Vamos buscando el patio de la en su día concejala del PSA en los gobiernos de Julio Anguita 1979-1983, 1983-1987, Cristina Bendala, porque además de atracción y belleza, en esta Plaza de las Tazas estaba el local de una asociación flamenca donde estuve tomando unas copas con el entonces director del diario CÓRDOBA, Manuel Gómez Cardeña, la noche en que nació mi hija, en 1986, poco antes de tomar la dirección Antonio Ramos Espejo, creo que el día después a haber celebrado en las afueras de Reina Sofía el nacimiento con Paco Luis Córdoba, también director del Diario CÓRDOBA en su día. Te das cuenta al final que parte de la vida es una feliz celebración de acontecimientos familiares, de amigos y también profesionales.

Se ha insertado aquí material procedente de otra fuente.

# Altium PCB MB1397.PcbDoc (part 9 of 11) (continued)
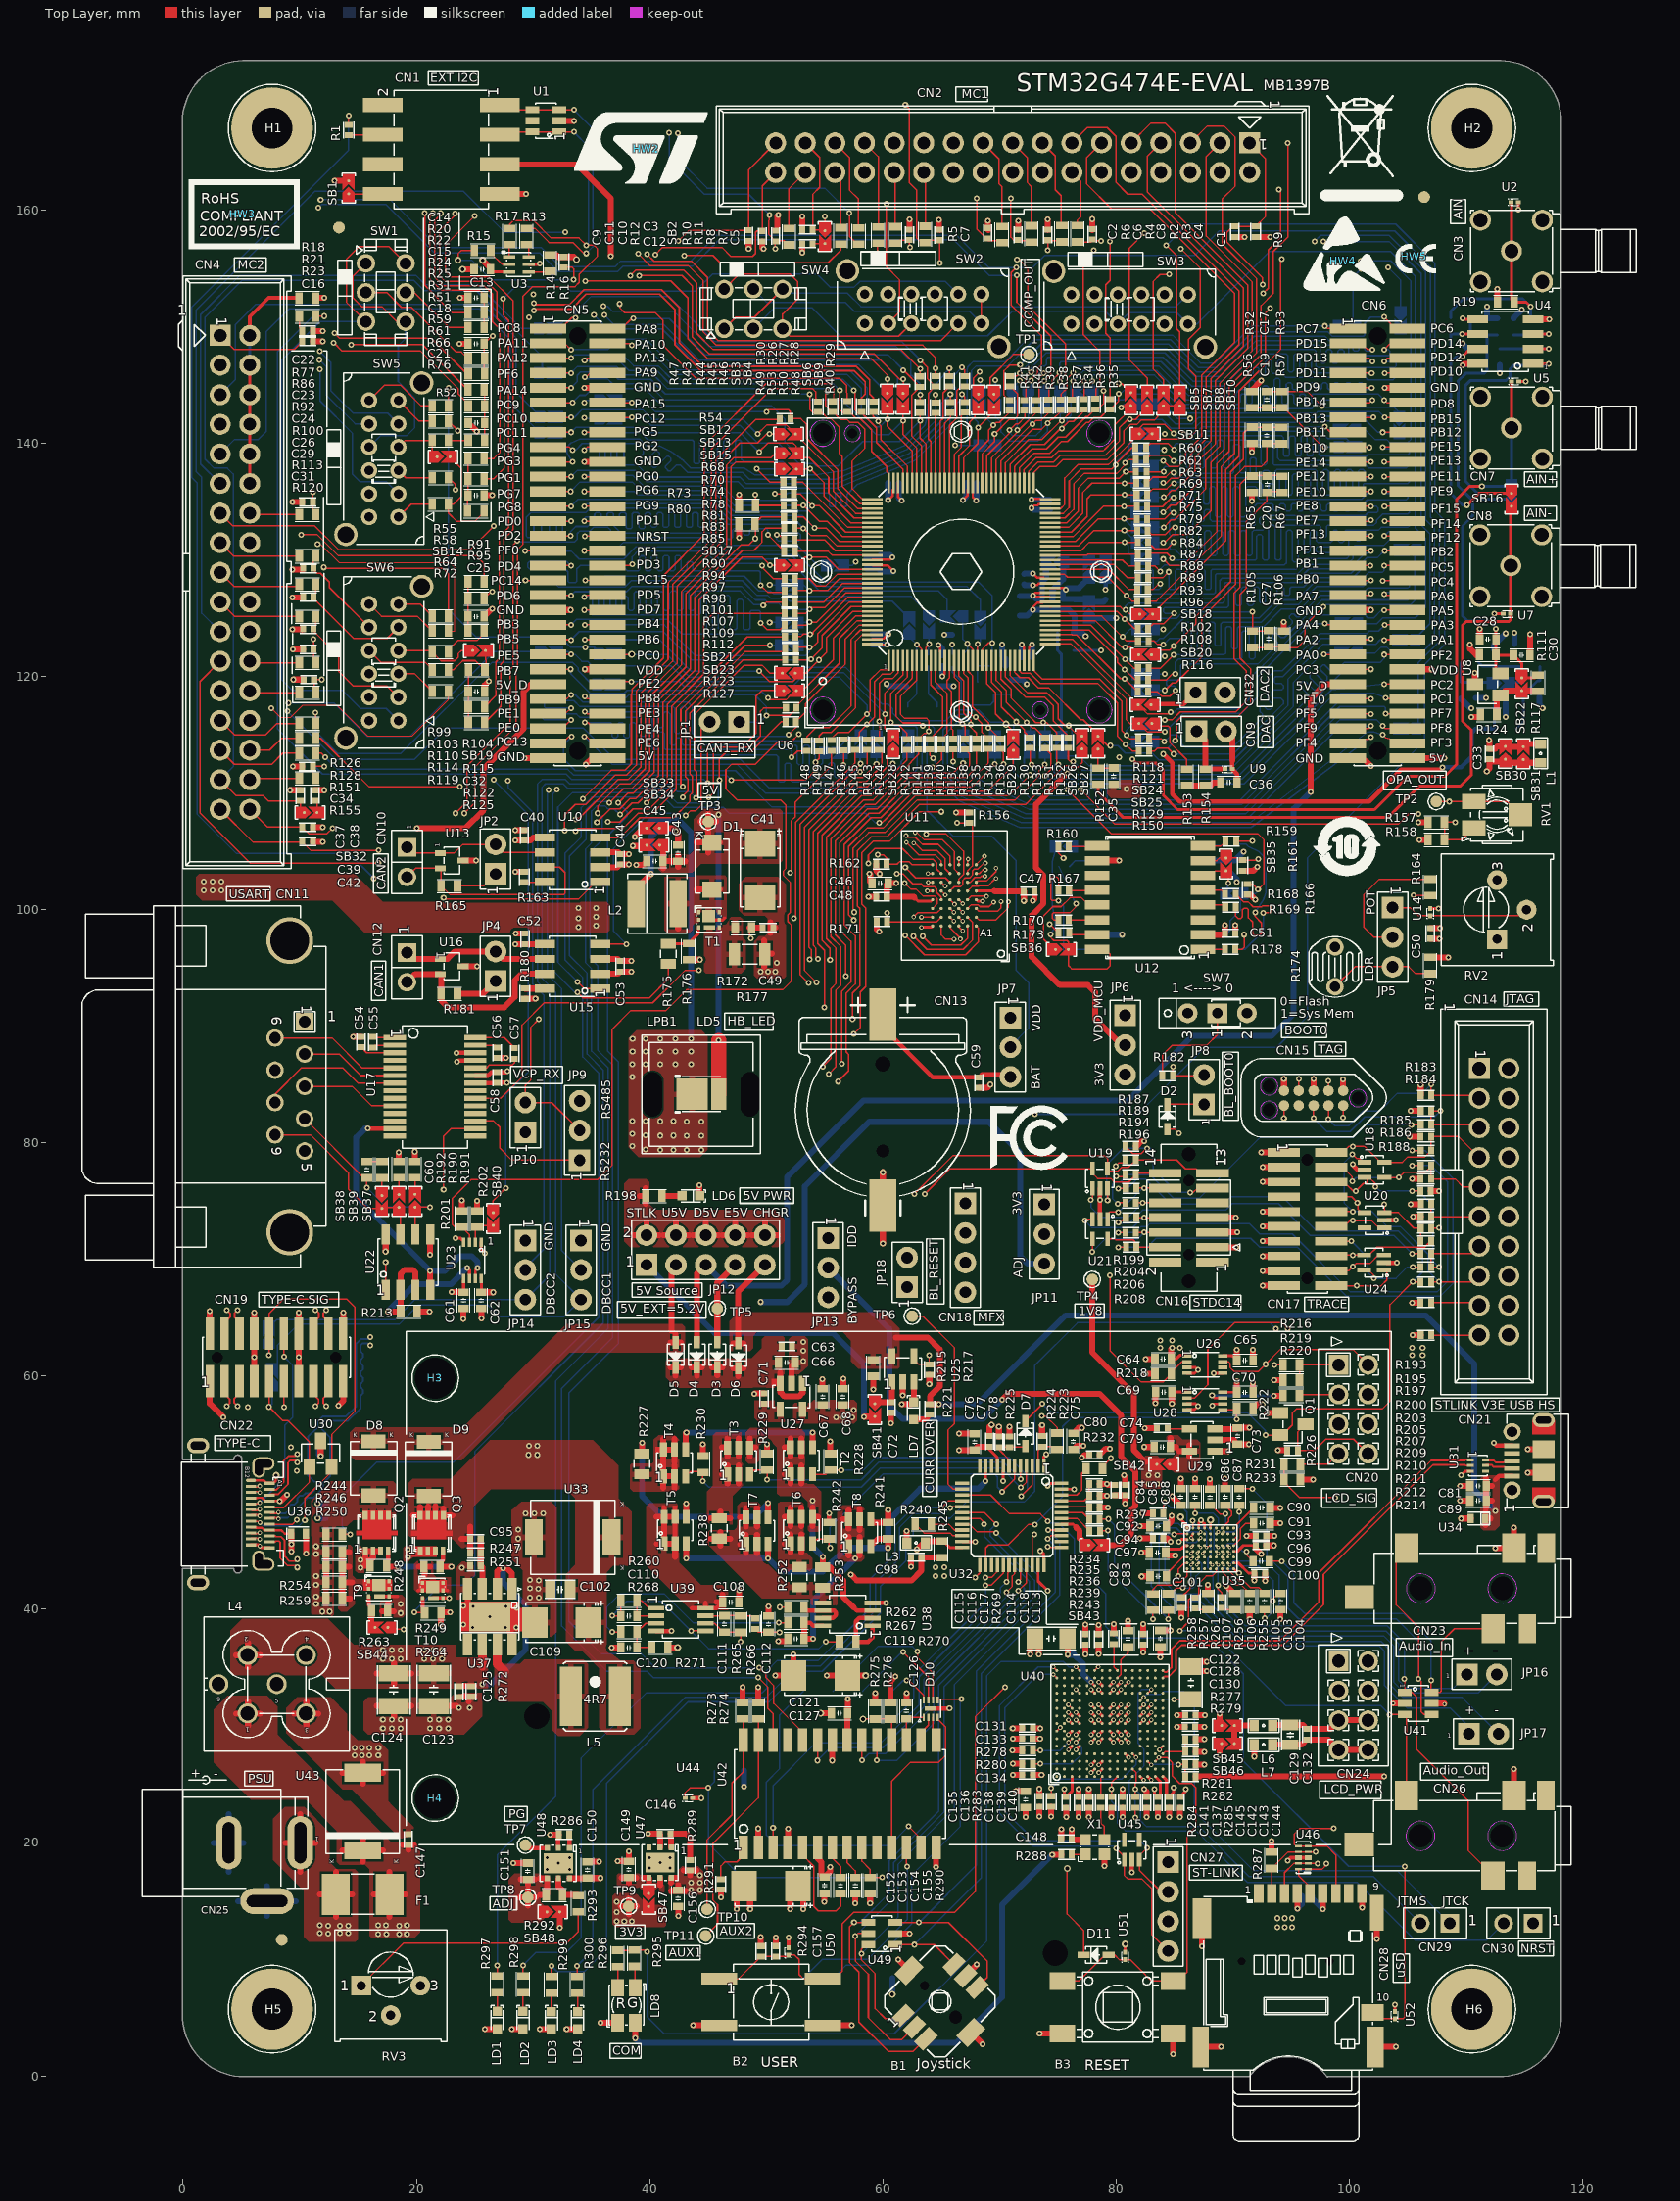
[diagram p0: Top Layer view]
## Nets (pads, with @x,y where several pads share a name; then routed paths per layer and width w, separated by ;. In a path a pad name is that pad's centre, name@x,y a point inside that pad or via, vN(x,y) a via of type N, cw(c..) or ccw(c..) an arc to the next point about the centre after c; other vN are vias at no path point) (continued)
  Bottom Layer w0.127: v1(75.352,141.912) v1@75.184,142.08 ; v1@75.184,142.08 75.184,143.121 SB56.2@75.183,143.123 75.181,142.083 v1@75.184,142.08
PD10: R38.1 SB60.2 U6.72 | length 16.5
  Top Layer w0.127: U6.72@70.103,136.586 70.104,136.586 70.104,138.43 70.122,138.448 70.122,138.46 72.809,141.148 72.822,141.148 72.837,141.163 73.576,141.163 v1(74.122,141.712) 74.483,142.072 74.612,142.072 R38.1@75.26,142.718
  Bottom Layer w0.127: SB60.2@69.647,143.064 69.647,142.257 70.126,141.779 70.126,140.941 70.884,140.183 73.304,140.183 74.122,141 v1(74.122,141.712)
PD11: R39.1 SB58.2 U6.73 | length 9.9
  Top Layer w0.127: U6.73@69.703,136.586 69.703,138.582 72.662,141.544 72.664,141.544 72.753,141.633 v1(72.822,141.633) 73.139,141.95 73.581,141.95 74.247,142.613 R39.1@74.247,142.707
  Bottom Layer w0.127: SB58.2@72.479,143.116 72.479,141.976 v1(72.822,141.633)
PD12: R42.1 SB59.2 U6.74 | length 10
  Top Layer w0.127: U6.74@69.303,136.586 69.301,138.722 71.511,140.932 v1(71.511,141.107) 71.625,141.221 71.745,141.221 73.203,142.677 R42.1@73.203,142.679
  Bottom Layer w0.127: SB59.2@71.096,143.116 71.095,143.116 71.511,142.7 v1(71.511,141.107)
PD13: R41.1 SB57.2 U6.75 | length 12.9
  Top Layer w0.127: U6.75@68.903,136.586 68.903,138.9 70.838,140.838 v1(70.838,141.094) 71.371,141.628 71.575,141.628 72.154,142.207 R41.1@72.154,142.677
  Bottom Layer w0.127: v1(70.838,141.094) 70.838,140.896 71.095,140.64 73.127,140.64 73.581,141.094 73.581,142.866 SB57.2@73.831,143.116
PD14: R29.1 SB70.2 U6.76 | length 11
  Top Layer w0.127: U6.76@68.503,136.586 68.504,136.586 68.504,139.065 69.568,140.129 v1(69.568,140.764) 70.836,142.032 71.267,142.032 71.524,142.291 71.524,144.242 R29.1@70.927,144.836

Este año no hemos podido subir a la terraza del patio Plaza de las Tazas, 11, desde donde se veía Córdoba en sus alturas, porque estaba cerrado. Lo suplimos con la imaginación, uno de los componentes esenciales del ser humano. La que le ponemos, desde el Realejo, a la calle Encarnación Agustina, que siempre nos ha atraído por ser la primera sede de la Veterinaria, en cuyo colegio oficial recibió mi amigo Rafael de la Haba el premio periodístico Tarik de Imperio el pasado martes. En la plaza del convento de Regina, donde al parecer el Ayuntamiento quiere hacer un Orive 2, nos paramos a leer la placa que firman en marzo de 2012 la Asociación Andaluza de Historia de la Veterinaria y el Consejo Social de la Universidad de Córdoba con motivo de la celebración del Año Mundial Veterinario: “En el año de 1847 se estableció en este lugar, antiguo Convento de la Encarnación Agustina, la escuela de Veterinaria de Córdoba, primera institución que alcanzara el rango académico universitario en nuestra ciudad”. Nos vamos para Isabel II, 1, un patio que ha inspirado a pintores, cuya calle desemboca en Alfonso XII por la plazuela de San Eloy al haber cortado ya para la historia una “casa de paso” que desembocaba en ese espacio –el cine Andalucía, cuyas carteleras impactaron mi primera juventud-- y que sus vecinos te ofrecían con gusto. El nuevo Círculo Cultural Juan XXIII, cerca de la plaza del Vizconde de Miranda, y el patio de La Palma 3, con su buganvilla, despide esta ruta de patios entre el cielo y la tierra, que empezó conectando el sabor de una cerveza con la religiosidad de un convento.